=== THE PROBLEM ===
Lines from the one containing "#6435 = FACE_OUTER_BOUND" through the last one in the data below: write them out word for word, and only them.

=== PROVIDED ENTRIES ===
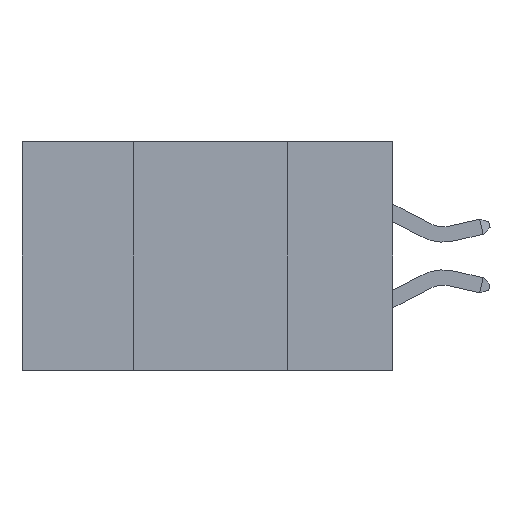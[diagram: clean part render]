
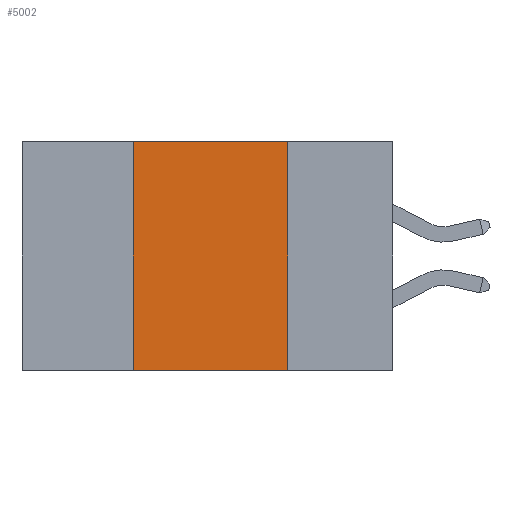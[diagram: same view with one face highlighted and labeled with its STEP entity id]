
A CAD part, left-side view. The second image highlights one B-rep face of the part: STEP entity #5002.
In plain terms, the highlighted planar face has unit normal (-1, 0, 0).
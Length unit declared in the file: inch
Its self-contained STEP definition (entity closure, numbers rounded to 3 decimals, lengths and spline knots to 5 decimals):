
#494 = EDGE_LOOP ( 'NONE', ( #5907, #7869, #7285, #15399 ) ) ;
#1550 = LINE ( 'NONE', #10538, #10260 ) ;
#2271 = EDGE_CURVE ( 'NONE', #4791, #20251, #7100, .T. ) ;
#2365 = CARTESIAN_POINT ( 'NONE',  ( 0., 0.6, -0.37 ) ) ;
#2466 = VECTOR ( 'NONE', #2908, 39.37008 ) ;
#2908 = DIRECTION ( 'NONE',  ( 0., -1., 0. ) ) ;
#3414 = DIRECTION ( 'NONE',  ( 1., 0., 0. ) ) ;
#3634 = DIRECTION ( 'NONE',  ( 0., 0., -1. ) ) ;
#4791 = VERTEX_POINT ( 'NONE', #12760 ) ;
#5002 = ADVANCED_FACE ( 'NONE', ( #6435 ), #9440, .F. ) ;
#5005 = CARTESIAN_POINT ( 'NONE',  ( 0., 0.42, 0. ) ) ;
#5907 = ORIENTED_EDGE ( 'NONE', *, *, #20642, .F. ) ;
#6036 = CARTESIAN_POINT ( 'NONE',  ( 0., 0.17, -0.37 ) ) ;
#6299 = CARTESIAN_POINT ( 'NONE',  ( 0., 0.42, 0. ) ) ;
#6435 = FACE_OUTER_BOUND ( 'NONE', #494, .T. ) ;
#6960 = DIRECTION ( 'NONE',  ( 0., -1., 0. ) ) ;
#7059 = DIRECTION ( 'NONE',  ( 0., 0., -1. ) ) ;
#7100 = LINE ( 'NONE', #2365, #2466 ) ;
#7285 = ORIENTED_EDGE ( 'NONE', *, *, #15034, .F. ) ;
#7869 = ORIENTED_EDGE ( 'NONE', *, *, #15286, .F. ) ;
#9094 = VECTOR ( 'NONE', #6960, 39.37008 ) ;
#9440 = PLANE ( 'NONE',  #20730 ) ;
#10260 = VECTOR ( 'NONE', #3634, 39.37008 ) ;
#10418 = VERTEX_POINT ( 'NONE', #12551 ) ;
#10430 = CARTESIAN_POINT ( 'NONE',  ( 0., 0.6, 0. ) ) ;
#10538 = CARTESIAN_POINT ( 'NONE',  ( 0., 0.17, 0. ) ) ;
#10991 = LINE ( 'NONE', #6299, #14491 ) ;
#12551 = CARTESIAN_POINT ( 'NONE',  ( 0., 0.17, 0. ) ) ;
#12760 = CARTESIAN_POINT ( 'NONE',  ( 0., 0.42, -0.37 ) ) ;
#13153 = LINE ( 'NONE', #17209, #9094 ) ;
#14491 = VECTOR ( 'NONE', #18264, 39.37008 ) ;
#15034 = EDGE_CURVE ( 'NONE', #4791, #21036, #10991, .T. ) ;
#15286 = EDGE_CURVE ( 'NONE', #21036, #10418, #13153, .T. ) ;
#15399 = ORIENTED_EDGE ( 'NONE', *, *, #2271, .T. ) ;
#17209 = CARTESIAN_POINT ( 'NONE',  ( 0., 0.6, 0. ) ) ;
#18264 = DIRECTION ( 'NONE',  ( 0., 0., 1. ) ) ;
#20251 = VERTEX_POINT ( 'NONE', #6036 ) ;
#20642 = EDGE_CURVE ( 'NONE', #10418, #20251, #1550, .T. ) ;
#20730 = AXIS2_PLACEMENT_3D ( 'NONE', #10430, #3414, #7059 ) ;
#21036 = VERTEX_POINT ( 'NONE', #5005 ) ;

=== SOLUTION BELOW ===
#6435 = FACE_OUTER_BOUND ( 'NONE', #494, .T. ) ;
#6960 = DIRECTION ( 'NONE',  ( 0., -1., 0. ) ) ;
#7059 = DIRECTION ( 'NONE',  ( 0., 0., -1. ) ) ;
#7100 = LINE ( 'NONE', #2365, #2466 ) ;
#7285 = ORIENTED_EDGE ( 'NONE', *, *, #15034, .F. ) ;
#7869 = ORIENTED_EDGE ( 'NONE', *, *, #15286, .F. ) ;
#9094 = VECTOR ( 'NONE', #6960, 39.37008 ) ;
#9440 = PLANE ( 'NONE',  #20730 ) ;
#10260 = VECTOR ( 'NONE', #3634, 39.37008 ) ;
#10418 = VERTEX_POINT ( 'NONE', #12551 ) ;
#10430 = CARTESIAN_POINT ( 'NONE',  ( 0., 0.6, 0. ) ) ;
#10538 = CARTESIAN_POINT ( 'NONE',  ( 0., 0.17, 0. ) ) ;
#10991 = LINE ( 'NONE', #6299, #14491 ) ;
#12551 = CARTESIAN_POINT ( 'NONE',  ( 0., 0.17, 0. ) ) ;
#12760 = CARTESIAN_POINT ( 'NONE',  ( 0., 0.42, -0.37 ) ) ;
#13153 = LINE ( 'NONE', #17209, #9094 ) ;
#14491 = VECTOR ( 'NONE', #18264, 39.37008 ) ;
#15034 = EDGE_CURVE ( 'NONE', #4791, #21036, #10991, .T. ) ;
#15286 = EDGE_CURVE ( 'NONE', #21036, #10418, #13153, .T. ) ;
#15399 = ORIENTED_EDGE ( 'NONE', *, *, #2271, .T. ) ;
#17209 = CARTESIAN_POINT ( 'NONE',  ( 0., 0.6, 0. ) ) ;
#18264 = DIRECTION ( 'NONE',  ( 0., 0., 1. ) ) ;
#20251 = VERTEX_POINT ( 'NONE', #6036 ) ;
#20642 = EDGE_CURVE ( 'NONE', #10418, #20251, #1550, .T. ) ;
#20730 = AXIS2_PLACEMENT_3D ( 'NONE', #10430, #3414, #7059 ) ;
#21036 = VERTEX_POINT ( 'NONE', #5005 ) ;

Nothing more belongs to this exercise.